DATASET CONTENT =
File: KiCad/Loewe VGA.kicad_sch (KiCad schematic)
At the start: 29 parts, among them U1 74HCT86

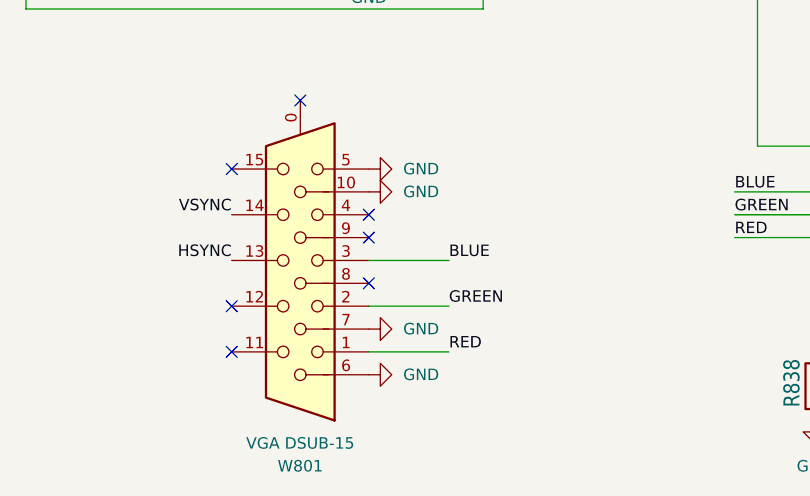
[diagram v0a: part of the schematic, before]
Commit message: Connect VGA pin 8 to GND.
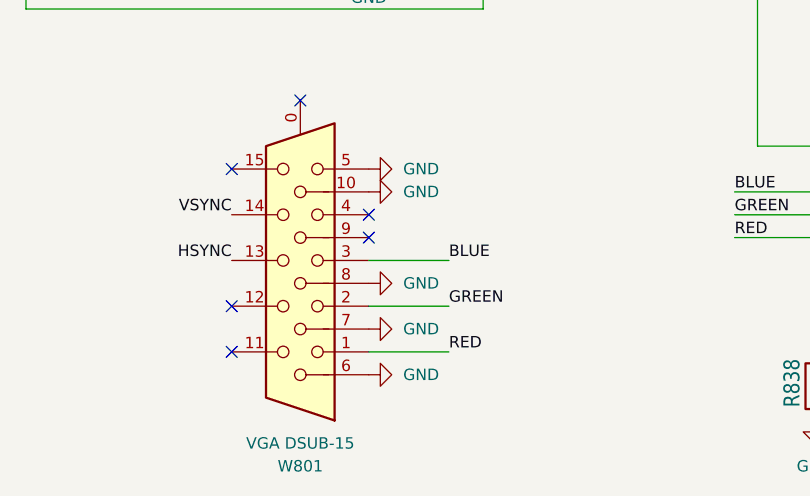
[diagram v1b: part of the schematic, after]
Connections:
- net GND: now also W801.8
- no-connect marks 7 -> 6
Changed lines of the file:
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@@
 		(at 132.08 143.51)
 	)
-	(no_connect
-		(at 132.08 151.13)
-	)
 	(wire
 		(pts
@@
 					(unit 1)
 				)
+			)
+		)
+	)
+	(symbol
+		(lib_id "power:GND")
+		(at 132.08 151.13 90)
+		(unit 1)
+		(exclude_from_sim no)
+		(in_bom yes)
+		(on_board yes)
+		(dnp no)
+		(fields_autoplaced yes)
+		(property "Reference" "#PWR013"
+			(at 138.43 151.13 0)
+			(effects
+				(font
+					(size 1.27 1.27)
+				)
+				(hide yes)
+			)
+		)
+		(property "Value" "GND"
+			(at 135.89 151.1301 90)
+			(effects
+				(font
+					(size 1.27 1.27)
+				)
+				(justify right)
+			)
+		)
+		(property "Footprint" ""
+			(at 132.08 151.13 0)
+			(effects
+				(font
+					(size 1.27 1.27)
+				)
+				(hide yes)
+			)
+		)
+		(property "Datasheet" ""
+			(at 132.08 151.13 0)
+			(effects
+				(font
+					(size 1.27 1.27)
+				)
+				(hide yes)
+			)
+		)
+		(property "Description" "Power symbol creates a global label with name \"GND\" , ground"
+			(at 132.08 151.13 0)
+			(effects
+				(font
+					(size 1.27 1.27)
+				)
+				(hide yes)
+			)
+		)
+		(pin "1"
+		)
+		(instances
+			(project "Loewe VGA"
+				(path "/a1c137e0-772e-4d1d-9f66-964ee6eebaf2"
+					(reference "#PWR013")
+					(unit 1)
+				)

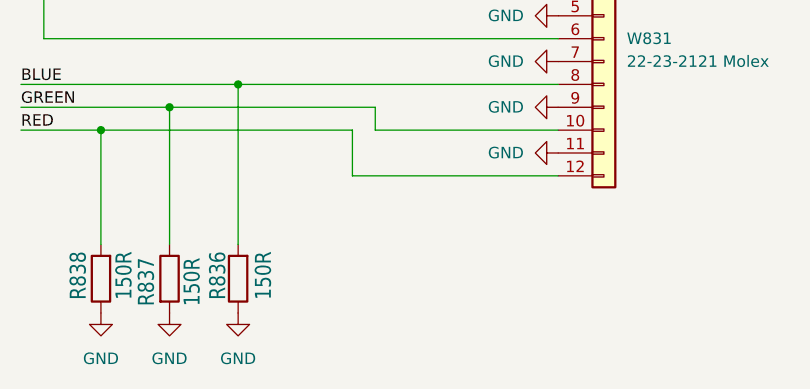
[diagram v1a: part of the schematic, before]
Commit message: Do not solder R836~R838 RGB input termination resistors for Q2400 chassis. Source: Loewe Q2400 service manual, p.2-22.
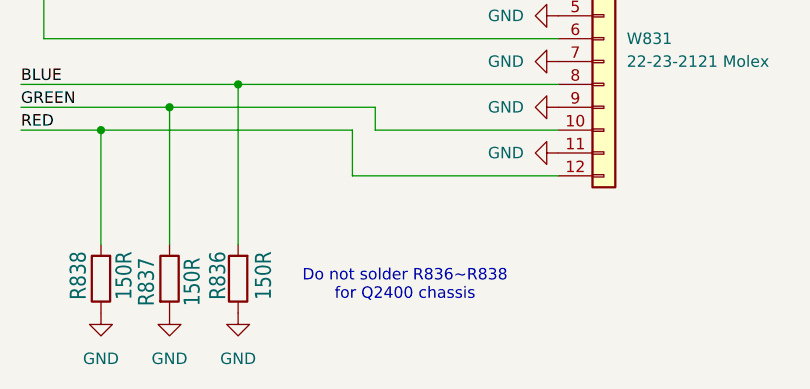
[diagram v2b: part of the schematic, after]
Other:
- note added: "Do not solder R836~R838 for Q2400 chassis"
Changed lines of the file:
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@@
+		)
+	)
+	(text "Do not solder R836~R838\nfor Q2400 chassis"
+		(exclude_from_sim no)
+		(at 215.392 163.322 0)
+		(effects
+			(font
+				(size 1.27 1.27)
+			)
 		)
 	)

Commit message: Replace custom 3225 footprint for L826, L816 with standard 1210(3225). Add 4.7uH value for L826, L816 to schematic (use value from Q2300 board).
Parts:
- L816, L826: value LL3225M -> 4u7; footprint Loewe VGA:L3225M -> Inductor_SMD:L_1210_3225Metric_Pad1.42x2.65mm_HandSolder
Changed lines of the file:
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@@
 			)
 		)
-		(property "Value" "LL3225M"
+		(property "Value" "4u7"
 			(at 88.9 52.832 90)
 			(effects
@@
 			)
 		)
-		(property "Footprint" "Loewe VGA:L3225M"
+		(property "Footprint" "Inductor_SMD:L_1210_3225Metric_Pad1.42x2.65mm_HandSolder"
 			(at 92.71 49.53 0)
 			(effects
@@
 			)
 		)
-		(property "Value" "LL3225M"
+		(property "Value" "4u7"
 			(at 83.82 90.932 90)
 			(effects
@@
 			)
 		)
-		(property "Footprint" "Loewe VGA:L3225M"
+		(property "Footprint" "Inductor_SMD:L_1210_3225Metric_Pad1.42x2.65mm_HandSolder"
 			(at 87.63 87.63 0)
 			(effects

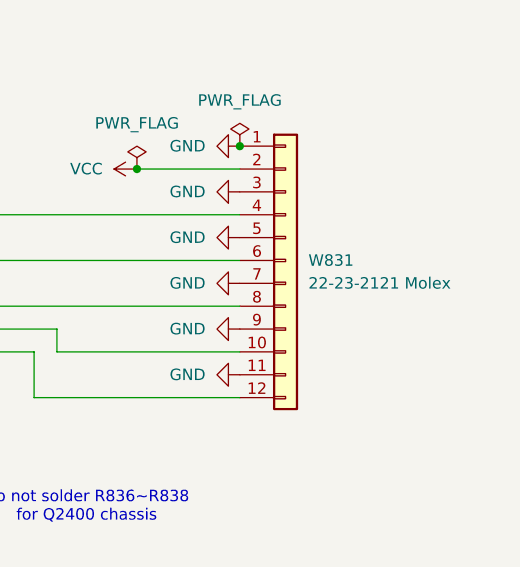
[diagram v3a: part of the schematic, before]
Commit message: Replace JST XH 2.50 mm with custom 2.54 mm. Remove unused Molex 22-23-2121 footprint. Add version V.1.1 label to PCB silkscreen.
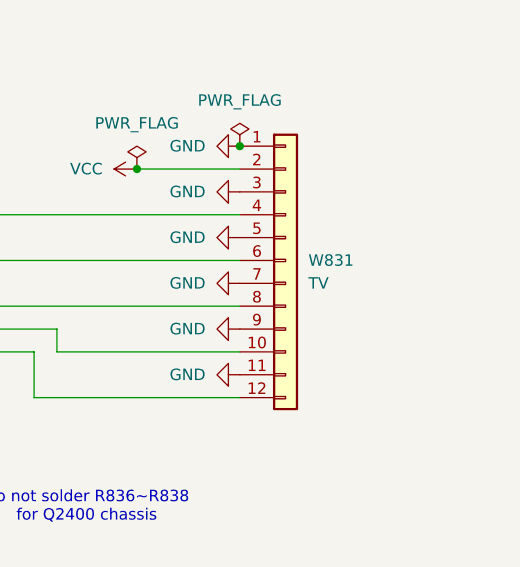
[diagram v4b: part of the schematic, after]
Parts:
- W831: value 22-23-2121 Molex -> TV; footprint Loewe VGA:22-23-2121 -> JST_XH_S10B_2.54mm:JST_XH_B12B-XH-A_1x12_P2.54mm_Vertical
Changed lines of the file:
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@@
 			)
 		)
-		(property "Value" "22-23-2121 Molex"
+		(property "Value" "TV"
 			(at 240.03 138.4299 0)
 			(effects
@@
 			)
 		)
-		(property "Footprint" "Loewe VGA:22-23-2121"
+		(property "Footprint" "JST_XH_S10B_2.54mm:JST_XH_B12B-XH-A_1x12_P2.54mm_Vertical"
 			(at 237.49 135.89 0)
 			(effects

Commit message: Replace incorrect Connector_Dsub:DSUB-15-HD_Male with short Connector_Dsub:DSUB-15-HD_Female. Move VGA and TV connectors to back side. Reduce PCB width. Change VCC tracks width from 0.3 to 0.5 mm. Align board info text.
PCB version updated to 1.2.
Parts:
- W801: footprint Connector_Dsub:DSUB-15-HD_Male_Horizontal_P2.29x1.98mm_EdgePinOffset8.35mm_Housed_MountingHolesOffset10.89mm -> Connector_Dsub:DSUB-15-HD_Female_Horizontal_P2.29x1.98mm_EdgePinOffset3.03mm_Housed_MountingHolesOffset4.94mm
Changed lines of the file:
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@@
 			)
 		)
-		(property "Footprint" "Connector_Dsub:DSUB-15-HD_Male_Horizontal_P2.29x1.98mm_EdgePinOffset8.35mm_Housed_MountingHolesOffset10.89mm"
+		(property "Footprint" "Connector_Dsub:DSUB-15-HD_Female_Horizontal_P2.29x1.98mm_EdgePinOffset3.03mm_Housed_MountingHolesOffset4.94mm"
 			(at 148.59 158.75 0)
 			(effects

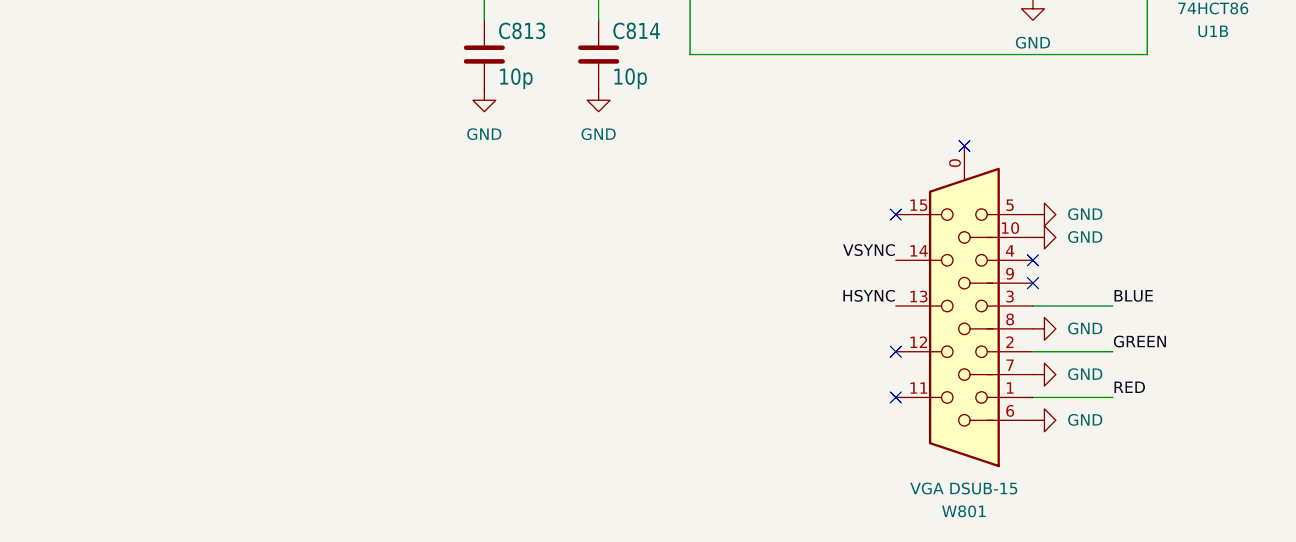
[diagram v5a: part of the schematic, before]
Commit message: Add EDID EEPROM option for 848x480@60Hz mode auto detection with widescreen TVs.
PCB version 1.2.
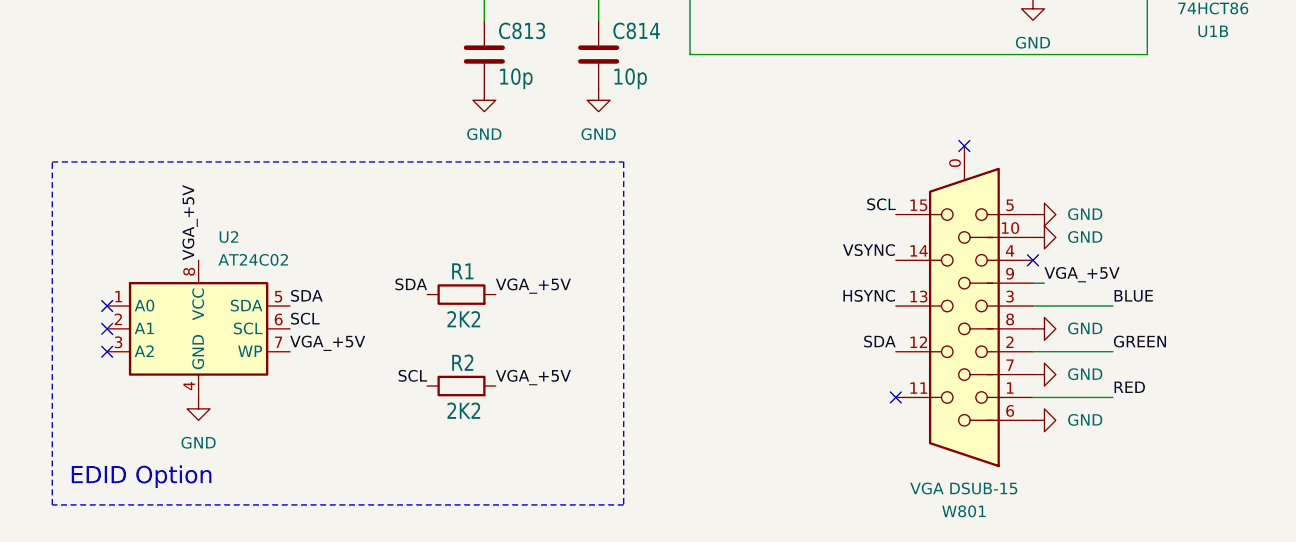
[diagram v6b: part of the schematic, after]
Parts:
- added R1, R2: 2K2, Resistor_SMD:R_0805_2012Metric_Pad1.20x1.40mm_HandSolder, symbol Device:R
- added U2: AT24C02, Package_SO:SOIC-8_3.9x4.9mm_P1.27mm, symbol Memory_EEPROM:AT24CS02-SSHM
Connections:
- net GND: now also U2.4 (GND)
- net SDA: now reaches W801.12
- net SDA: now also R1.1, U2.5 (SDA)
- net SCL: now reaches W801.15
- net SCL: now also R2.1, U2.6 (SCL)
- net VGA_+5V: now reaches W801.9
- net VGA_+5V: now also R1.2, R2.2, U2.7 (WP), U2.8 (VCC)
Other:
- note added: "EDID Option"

YOUR TASK =
For every line of the material above that contains the word "schematic", show the line.

SOLUTION FOR THIS TASK =
File: KiCad/Loewe VGA.kicad_sch (KiCad schematic)
[diagram v0a: part of the schematic, before]
[diagram v1b: part of the schematic, after]
[diagram v1a: part of the schematic, before]
[diagram v2b: part of the schematic, after]
Commit message: Replace custom 3225 footprint for L826, L816 with standard 1210(3225). Add 4.7uH value for L826, L816 to schematic (use value from Q2300 board).
[diagram v3a: part of the schematic, before]
[diagram v4b: part of the schematic, after]
[diagram v5a: part of the schematic, before]
[diagram v6b: part of the schematic, after]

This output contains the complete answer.